ASSIGNED TASK - Search the records below for the word "VECTOR". Copy each line where it occurs.

[Records from a data source]
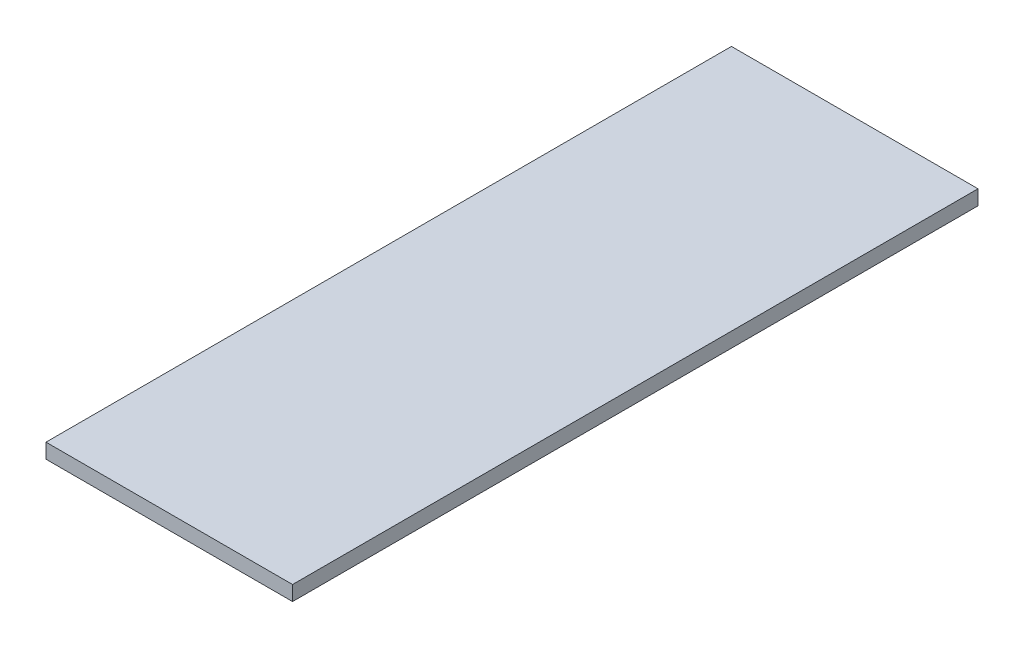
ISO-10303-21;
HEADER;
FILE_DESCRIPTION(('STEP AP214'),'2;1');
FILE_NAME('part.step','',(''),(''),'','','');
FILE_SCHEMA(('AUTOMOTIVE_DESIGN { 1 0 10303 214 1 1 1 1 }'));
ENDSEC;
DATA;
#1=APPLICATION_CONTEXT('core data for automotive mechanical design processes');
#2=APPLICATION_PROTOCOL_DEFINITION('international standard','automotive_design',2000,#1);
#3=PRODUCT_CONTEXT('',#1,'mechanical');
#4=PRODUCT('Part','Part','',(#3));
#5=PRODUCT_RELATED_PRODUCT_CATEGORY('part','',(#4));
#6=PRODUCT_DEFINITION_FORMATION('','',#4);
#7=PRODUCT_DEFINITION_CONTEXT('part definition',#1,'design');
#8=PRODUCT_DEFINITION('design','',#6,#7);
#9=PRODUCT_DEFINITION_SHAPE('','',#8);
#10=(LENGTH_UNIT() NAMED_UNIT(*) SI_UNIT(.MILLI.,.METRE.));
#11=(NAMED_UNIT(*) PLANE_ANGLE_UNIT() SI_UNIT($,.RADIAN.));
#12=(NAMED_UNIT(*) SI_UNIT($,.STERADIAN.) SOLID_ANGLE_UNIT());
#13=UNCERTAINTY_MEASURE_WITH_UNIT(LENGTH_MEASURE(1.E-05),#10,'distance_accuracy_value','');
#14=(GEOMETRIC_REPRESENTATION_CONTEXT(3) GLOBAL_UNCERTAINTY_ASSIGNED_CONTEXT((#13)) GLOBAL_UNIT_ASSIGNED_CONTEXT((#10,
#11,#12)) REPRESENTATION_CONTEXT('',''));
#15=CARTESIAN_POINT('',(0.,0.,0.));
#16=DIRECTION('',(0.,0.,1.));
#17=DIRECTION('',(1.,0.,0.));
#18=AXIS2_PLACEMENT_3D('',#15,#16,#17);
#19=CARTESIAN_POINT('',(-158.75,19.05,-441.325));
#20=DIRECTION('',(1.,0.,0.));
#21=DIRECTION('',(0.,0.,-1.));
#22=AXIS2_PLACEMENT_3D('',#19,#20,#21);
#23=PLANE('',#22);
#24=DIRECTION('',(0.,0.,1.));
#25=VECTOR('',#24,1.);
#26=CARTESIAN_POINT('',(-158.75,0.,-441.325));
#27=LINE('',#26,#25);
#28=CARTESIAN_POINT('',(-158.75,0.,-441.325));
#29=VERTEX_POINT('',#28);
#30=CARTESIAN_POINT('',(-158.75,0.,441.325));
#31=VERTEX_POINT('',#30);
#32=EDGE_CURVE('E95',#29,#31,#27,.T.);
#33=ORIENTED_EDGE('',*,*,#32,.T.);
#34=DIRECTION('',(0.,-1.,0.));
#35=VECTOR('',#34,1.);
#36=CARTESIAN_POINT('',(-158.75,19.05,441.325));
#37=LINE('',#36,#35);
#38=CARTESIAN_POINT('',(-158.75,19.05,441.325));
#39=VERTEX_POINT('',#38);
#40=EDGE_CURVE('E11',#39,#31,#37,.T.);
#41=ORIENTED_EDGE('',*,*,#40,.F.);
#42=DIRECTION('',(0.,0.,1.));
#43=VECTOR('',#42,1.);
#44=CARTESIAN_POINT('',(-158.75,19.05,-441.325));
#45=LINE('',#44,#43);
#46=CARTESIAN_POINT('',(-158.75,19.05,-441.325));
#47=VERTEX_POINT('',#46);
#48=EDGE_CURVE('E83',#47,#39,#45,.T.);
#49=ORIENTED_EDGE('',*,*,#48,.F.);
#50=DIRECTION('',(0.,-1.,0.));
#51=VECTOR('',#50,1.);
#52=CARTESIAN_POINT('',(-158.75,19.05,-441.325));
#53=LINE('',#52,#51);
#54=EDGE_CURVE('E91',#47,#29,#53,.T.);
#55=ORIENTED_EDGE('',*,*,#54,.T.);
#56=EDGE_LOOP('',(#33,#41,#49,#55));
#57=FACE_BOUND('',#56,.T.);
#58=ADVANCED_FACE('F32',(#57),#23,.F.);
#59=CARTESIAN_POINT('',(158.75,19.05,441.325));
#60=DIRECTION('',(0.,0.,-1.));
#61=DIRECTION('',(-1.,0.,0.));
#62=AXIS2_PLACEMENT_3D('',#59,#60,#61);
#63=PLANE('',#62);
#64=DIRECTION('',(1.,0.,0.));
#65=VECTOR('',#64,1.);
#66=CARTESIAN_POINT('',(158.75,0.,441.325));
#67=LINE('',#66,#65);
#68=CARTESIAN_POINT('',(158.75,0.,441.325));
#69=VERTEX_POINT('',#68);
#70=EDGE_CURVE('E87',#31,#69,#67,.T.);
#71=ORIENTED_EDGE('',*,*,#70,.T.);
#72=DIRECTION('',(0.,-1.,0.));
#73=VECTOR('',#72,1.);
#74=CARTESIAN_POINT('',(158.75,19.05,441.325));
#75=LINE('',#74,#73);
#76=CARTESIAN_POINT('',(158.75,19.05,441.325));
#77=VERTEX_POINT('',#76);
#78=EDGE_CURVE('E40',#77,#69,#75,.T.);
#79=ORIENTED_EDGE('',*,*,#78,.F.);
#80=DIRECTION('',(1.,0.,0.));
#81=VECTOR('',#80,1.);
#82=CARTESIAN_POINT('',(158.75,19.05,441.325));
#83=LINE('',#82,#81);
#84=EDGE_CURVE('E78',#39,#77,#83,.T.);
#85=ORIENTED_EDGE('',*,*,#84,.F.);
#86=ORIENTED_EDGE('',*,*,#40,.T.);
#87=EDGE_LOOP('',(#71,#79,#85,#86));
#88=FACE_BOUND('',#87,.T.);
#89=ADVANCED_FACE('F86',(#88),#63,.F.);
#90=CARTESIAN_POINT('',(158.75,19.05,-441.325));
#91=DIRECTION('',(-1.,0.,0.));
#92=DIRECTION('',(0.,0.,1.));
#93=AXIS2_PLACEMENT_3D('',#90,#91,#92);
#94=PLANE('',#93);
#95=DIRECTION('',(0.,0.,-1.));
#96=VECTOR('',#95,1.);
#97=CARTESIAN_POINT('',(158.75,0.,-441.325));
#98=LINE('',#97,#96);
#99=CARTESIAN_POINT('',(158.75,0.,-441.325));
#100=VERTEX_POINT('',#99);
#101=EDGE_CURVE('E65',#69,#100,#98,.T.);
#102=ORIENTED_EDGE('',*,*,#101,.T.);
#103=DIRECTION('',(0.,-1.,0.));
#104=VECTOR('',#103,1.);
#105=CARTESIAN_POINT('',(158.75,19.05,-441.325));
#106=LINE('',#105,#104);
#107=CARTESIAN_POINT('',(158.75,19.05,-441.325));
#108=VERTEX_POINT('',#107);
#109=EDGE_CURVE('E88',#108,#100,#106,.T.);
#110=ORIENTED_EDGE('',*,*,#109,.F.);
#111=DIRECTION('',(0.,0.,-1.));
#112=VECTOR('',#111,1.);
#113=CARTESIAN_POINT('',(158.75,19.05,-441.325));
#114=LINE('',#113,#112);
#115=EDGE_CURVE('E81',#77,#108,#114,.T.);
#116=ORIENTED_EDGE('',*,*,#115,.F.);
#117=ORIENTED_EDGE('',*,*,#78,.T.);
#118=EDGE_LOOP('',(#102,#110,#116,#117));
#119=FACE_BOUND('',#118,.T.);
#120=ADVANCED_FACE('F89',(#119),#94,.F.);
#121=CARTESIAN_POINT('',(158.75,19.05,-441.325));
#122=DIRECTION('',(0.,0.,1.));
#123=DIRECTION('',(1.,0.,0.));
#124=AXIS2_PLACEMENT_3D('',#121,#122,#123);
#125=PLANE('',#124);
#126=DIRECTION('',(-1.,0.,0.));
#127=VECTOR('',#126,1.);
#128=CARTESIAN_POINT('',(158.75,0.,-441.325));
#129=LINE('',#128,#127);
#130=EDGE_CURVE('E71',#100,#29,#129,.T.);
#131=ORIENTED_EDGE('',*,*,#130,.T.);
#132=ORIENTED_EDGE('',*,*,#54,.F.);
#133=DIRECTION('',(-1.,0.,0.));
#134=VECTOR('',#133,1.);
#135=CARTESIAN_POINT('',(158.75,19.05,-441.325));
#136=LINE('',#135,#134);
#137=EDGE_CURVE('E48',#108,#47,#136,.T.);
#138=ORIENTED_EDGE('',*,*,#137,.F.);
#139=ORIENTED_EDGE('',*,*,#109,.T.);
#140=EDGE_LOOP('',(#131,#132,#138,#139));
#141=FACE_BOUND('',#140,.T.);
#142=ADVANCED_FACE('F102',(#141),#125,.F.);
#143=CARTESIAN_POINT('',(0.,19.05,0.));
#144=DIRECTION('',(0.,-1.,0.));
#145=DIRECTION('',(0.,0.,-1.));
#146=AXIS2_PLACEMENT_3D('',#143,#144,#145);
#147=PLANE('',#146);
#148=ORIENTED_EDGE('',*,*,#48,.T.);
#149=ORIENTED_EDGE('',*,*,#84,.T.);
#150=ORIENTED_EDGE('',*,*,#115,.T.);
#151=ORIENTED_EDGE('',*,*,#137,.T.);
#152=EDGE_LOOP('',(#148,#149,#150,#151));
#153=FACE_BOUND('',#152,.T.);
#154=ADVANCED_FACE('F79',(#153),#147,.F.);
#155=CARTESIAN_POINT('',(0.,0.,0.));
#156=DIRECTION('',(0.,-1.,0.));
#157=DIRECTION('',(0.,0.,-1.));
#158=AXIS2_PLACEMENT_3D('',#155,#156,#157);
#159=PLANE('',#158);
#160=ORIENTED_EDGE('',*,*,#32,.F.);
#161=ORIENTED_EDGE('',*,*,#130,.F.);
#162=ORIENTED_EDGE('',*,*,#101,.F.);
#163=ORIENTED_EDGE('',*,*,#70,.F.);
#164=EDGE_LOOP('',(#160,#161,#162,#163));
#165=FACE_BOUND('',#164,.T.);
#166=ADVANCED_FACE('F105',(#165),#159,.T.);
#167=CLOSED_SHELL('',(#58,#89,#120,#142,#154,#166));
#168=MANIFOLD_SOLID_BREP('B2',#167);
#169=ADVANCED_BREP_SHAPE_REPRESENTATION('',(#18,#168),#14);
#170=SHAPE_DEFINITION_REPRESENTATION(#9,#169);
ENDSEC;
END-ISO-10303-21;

ANSWER BELOW -
#25=VECTOR('',#24,1.);
#35=VECTOR('',#34,1.);
#43=VECTOR('',#42,1.);
#51=VECTOR('',#50,1.);
#65=VECTOR('',#64,1.);
#73=VECTOR('',#72,1.);
#81=VECTOR('',#80,1.);
#96=VECTOR('',#95,1.);
#104=VECTOR('',#103,1.);
#112=VECTOR('',#111,1.);
#127=VECTOR('',#126,1.);
#134=VECTOR('',#133,1.);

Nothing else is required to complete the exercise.